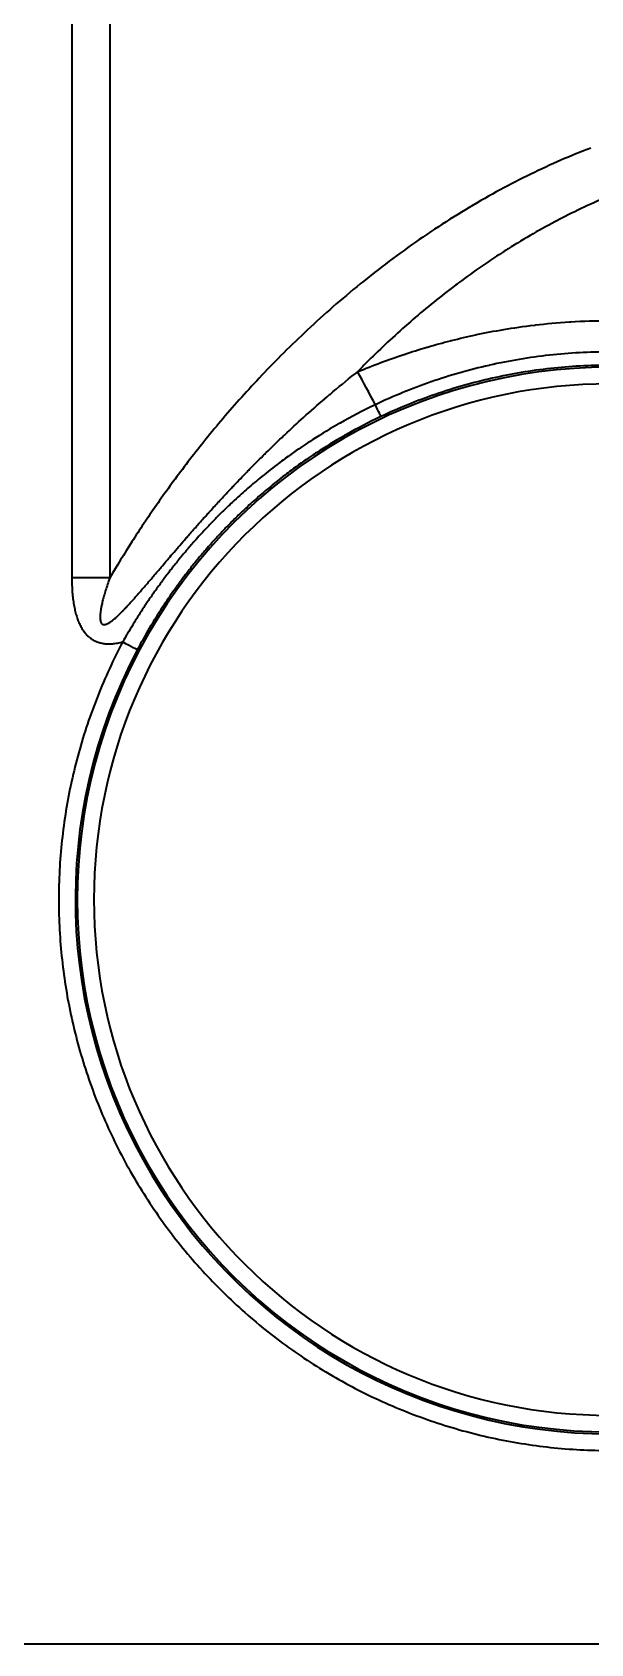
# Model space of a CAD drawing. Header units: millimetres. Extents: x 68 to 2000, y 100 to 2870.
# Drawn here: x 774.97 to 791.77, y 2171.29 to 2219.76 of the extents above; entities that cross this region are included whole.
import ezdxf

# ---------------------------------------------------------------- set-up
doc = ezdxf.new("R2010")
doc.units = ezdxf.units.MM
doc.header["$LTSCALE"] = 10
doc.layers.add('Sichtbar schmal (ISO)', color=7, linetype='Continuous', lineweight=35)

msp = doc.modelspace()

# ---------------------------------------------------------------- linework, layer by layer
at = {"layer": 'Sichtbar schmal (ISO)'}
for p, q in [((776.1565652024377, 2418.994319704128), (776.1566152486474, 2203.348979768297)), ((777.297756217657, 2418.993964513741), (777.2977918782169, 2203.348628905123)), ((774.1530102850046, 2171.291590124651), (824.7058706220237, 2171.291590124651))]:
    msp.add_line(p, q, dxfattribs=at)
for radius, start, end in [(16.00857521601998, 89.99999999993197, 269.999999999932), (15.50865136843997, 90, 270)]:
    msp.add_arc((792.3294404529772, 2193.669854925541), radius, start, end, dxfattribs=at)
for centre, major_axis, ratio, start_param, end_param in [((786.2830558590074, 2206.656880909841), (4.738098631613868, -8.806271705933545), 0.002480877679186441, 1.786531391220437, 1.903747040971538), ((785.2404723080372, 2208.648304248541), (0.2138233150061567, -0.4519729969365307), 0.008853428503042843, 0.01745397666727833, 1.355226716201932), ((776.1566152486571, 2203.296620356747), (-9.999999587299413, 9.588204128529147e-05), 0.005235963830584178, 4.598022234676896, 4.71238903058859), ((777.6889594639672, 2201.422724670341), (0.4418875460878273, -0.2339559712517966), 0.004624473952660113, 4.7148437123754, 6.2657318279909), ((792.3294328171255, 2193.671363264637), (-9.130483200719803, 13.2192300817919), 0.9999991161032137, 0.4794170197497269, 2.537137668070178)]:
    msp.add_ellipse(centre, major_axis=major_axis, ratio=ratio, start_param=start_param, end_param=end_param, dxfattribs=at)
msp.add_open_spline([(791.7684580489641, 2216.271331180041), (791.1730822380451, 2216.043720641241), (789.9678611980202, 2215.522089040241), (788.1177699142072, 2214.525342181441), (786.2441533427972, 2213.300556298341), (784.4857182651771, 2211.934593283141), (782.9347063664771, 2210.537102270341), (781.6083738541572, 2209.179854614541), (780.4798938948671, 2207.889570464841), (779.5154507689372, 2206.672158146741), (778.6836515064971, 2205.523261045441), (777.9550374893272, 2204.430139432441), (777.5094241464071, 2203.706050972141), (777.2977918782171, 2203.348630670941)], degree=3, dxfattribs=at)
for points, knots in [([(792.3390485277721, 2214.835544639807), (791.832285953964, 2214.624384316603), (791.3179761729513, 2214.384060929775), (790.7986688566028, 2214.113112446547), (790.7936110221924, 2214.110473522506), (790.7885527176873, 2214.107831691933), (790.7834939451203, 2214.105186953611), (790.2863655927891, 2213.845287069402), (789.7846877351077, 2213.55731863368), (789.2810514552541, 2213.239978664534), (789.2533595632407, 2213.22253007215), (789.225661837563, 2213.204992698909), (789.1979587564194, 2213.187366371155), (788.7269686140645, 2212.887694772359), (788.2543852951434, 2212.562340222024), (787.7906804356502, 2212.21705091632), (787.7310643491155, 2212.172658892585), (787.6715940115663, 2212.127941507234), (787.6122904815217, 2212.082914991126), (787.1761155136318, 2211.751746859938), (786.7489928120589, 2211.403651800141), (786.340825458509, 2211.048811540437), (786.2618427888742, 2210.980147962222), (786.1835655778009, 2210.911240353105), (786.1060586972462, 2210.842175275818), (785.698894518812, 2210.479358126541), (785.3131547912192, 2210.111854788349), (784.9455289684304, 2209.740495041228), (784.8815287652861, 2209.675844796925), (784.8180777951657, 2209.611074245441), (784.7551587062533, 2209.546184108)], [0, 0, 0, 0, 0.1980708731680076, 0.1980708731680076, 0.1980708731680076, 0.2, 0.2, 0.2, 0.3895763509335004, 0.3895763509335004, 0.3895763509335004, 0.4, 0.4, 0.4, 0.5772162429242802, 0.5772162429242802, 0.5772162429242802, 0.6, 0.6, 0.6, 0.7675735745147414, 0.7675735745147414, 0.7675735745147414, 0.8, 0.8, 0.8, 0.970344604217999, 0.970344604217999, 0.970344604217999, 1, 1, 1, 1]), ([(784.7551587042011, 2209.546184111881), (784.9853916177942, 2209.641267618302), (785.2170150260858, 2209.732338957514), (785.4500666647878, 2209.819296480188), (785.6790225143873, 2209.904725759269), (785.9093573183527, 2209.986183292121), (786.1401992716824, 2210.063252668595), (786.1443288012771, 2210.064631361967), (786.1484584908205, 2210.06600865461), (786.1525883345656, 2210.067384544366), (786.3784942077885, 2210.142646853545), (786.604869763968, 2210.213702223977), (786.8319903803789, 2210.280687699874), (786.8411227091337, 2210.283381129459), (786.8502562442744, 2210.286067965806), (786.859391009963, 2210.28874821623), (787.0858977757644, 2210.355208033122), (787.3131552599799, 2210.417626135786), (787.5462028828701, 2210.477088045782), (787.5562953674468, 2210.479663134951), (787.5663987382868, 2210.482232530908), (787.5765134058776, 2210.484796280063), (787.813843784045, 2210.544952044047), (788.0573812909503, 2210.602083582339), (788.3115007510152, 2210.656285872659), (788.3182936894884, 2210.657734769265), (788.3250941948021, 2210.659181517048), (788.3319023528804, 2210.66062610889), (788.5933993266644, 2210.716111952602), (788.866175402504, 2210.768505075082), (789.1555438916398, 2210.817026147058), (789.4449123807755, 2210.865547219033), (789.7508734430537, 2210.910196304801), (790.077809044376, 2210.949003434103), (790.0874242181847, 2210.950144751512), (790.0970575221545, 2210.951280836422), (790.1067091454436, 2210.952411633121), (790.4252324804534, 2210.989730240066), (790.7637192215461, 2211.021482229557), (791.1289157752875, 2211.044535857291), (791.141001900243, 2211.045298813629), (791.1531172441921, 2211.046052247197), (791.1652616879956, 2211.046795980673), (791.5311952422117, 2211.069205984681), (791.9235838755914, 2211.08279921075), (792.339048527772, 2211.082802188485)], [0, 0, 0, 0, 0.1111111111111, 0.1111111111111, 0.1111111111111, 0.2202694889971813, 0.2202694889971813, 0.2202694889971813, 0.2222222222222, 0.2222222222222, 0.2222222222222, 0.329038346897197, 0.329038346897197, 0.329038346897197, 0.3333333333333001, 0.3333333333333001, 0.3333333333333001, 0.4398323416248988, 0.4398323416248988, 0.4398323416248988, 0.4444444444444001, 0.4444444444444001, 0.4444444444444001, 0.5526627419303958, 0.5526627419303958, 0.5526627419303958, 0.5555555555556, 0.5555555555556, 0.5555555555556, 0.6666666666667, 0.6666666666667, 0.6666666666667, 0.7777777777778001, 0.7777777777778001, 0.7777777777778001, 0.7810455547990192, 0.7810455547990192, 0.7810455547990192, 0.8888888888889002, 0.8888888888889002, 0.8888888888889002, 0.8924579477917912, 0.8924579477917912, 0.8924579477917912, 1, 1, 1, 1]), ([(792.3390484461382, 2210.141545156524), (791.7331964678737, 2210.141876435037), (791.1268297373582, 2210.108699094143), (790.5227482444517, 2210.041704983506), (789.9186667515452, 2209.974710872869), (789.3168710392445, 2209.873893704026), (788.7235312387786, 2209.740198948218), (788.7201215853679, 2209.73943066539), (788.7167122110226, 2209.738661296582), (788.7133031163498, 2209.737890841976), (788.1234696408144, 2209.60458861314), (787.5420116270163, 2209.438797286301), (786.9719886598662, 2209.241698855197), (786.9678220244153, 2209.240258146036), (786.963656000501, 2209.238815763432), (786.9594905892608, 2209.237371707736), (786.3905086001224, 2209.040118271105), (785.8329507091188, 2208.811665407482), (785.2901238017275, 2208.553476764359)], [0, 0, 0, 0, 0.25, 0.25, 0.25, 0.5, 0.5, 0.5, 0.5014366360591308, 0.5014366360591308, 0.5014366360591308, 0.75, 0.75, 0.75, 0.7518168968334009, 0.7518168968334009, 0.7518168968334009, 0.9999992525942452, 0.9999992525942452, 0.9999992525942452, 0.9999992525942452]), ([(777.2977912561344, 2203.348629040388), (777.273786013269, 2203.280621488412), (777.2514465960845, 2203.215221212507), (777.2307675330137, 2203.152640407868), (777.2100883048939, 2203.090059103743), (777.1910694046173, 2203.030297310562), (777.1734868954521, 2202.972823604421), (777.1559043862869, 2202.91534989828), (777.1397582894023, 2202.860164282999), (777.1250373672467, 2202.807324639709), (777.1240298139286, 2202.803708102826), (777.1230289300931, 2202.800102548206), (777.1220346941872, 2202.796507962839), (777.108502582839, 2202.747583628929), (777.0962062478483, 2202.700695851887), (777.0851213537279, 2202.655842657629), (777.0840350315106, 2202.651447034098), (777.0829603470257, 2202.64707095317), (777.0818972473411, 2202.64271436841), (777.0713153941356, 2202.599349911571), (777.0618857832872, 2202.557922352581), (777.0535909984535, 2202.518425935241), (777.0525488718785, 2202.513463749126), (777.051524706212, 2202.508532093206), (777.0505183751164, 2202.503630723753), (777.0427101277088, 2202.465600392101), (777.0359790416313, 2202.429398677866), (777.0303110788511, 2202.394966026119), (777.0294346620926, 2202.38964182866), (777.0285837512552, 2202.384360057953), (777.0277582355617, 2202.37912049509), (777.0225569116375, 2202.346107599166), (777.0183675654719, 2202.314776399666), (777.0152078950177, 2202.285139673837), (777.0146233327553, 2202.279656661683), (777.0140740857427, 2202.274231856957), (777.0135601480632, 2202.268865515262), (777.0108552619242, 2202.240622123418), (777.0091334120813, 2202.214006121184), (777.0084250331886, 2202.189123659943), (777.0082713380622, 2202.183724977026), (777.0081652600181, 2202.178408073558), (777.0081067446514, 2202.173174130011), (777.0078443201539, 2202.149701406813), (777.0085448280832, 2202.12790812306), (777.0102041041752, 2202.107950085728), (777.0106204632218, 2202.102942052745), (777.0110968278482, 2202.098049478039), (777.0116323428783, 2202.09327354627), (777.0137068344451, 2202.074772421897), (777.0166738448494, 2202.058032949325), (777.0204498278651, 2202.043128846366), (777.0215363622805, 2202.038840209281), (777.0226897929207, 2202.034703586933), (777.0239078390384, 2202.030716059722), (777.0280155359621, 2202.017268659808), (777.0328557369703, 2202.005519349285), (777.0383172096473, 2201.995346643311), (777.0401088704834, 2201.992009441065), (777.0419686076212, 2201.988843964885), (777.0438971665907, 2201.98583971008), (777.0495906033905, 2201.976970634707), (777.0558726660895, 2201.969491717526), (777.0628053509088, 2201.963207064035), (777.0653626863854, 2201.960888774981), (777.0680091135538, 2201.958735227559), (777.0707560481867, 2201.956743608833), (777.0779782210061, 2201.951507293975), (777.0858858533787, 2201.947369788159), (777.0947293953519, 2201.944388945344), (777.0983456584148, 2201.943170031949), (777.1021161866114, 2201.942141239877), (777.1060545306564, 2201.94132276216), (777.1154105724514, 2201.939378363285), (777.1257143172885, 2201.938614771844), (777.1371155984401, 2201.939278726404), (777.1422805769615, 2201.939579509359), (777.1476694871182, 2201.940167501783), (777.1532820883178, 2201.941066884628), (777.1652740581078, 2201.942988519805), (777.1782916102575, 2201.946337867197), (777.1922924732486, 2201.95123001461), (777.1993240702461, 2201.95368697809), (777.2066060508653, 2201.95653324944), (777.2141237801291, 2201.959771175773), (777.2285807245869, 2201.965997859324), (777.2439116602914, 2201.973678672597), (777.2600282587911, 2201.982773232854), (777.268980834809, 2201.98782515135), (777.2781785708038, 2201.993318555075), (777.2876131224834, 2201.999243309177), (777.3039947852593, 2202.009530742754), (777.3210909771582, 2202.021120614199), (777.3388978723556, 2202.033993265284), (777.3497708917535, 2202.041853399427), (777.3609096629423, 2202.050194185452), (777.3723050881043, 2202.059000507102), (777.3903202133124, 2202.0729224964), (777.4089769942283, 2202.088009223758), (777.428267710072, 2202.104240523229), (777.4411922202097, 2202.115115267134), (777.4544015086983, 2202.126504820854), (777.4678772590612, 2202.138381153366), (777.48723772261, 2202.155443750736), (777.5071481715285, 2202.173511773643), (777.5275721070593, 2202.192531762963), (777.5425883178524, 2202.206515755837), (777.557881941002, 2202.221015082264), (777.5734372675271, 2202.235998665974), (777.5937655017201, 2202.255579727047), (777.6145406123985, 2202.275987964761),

Task goal >> Using the entries above, extract exactly the span from the line with "doc.units = ezdxf.units.MM" to the line with "start, end, dxfattribs=at)", both lines included; leave out everything else.

Exercise solution >>
doc.units = ezdxf.units.MM
doc.header["$LTSCALE"] = 10
doc.layers.add('Sichtbar schmal (ISO)', color=7, linetype='Continuous', lineweight=35)

msp = doc.modelspace()

# ---------------------------------------------------------------- linework, layer by layer
at = {"layer": 'Sichtbar schmal (ISO)'}
for p, q in [((776.1565652024377, 2418.994319704128), (776.1566152486474, 2203.348979768297)), ((777.297756217657, 2418.993964513741), (777.2977918782169, 2203.348628905123)), ((774.1530102850046, 2171.291590124651), (824.7058706220237, 2171.291590124651))]:
    msp.add_line(p, q, dxfattribs=at)
for radius, start, end in [(16.00857521601998, 89.99999999993197, 269.999999999932), (15.50865136843997, 90, 270)]:
    msp.add_arc((792.3294404529772, 2193.669854925541), radius, start, end, dxfattribs=at)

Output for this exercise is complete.